About this exercise:
For every line in the material below that holds "desired", report the line.

Data excerpts:
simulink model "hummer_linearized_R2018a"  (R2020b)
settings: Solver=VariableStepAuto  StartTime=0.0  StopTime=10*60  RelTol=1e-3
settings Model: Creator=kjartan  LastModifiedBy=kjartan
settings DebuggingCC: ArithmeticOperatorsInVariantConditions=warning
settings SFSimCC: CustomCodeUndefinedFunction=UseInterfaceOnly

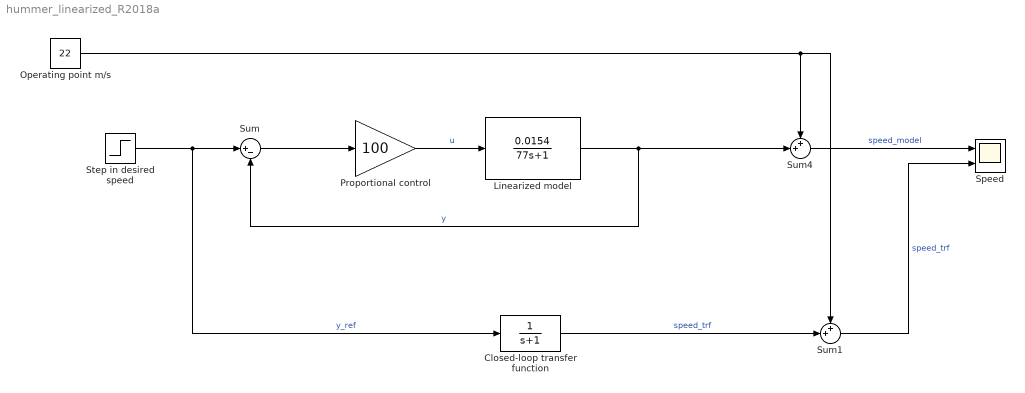
== system hummer_linearized_R2018a ==
  Closed-loop transfer function : TransferFcn  Denominator=[1 1]
  Linearized model : TransferFcn  Numerator=[0.0154]  Denominator=[77 1]
  Operating point m/s : Constant  Value=22
  Proportional control : Gain  Gain=100
  Speed : Scope  NumInputPorts=2
  Step in desired speed : Step  Time=2  After=2  SampleTime=0
  Sum : Sum  Inputs=|+-
  Sum1 : Sum  Inputs=++|
  Sum4 : Sum  Inputs=++|
  wires:
  Sum4/1 -> Speed/1  "speed_model"
  Linearized model/1 -> Sum/2, Sum4/2  "y"
  Operating point m/s/1 -> Sum1/1, Sum4/1
  Proportional control/1 -> Linearized model/1  "u"
  Step in desired speed/1 -> Closed-loop transfer function/1, Sum/1  "y_ref"
  Sum/1 -> Proportional control/1
  Sum1/1 -> Speed/2  "speed_trf"
  Closed-loop transfer function/1 -> Sum1/2  "speed_trf"

Your solution:
  Step in desired speed : Step  Time=2  After=2  SampleTime=0
  Step in desired speed/1 -> Closed-loop transfer function/1, Sum/1  "y_ref"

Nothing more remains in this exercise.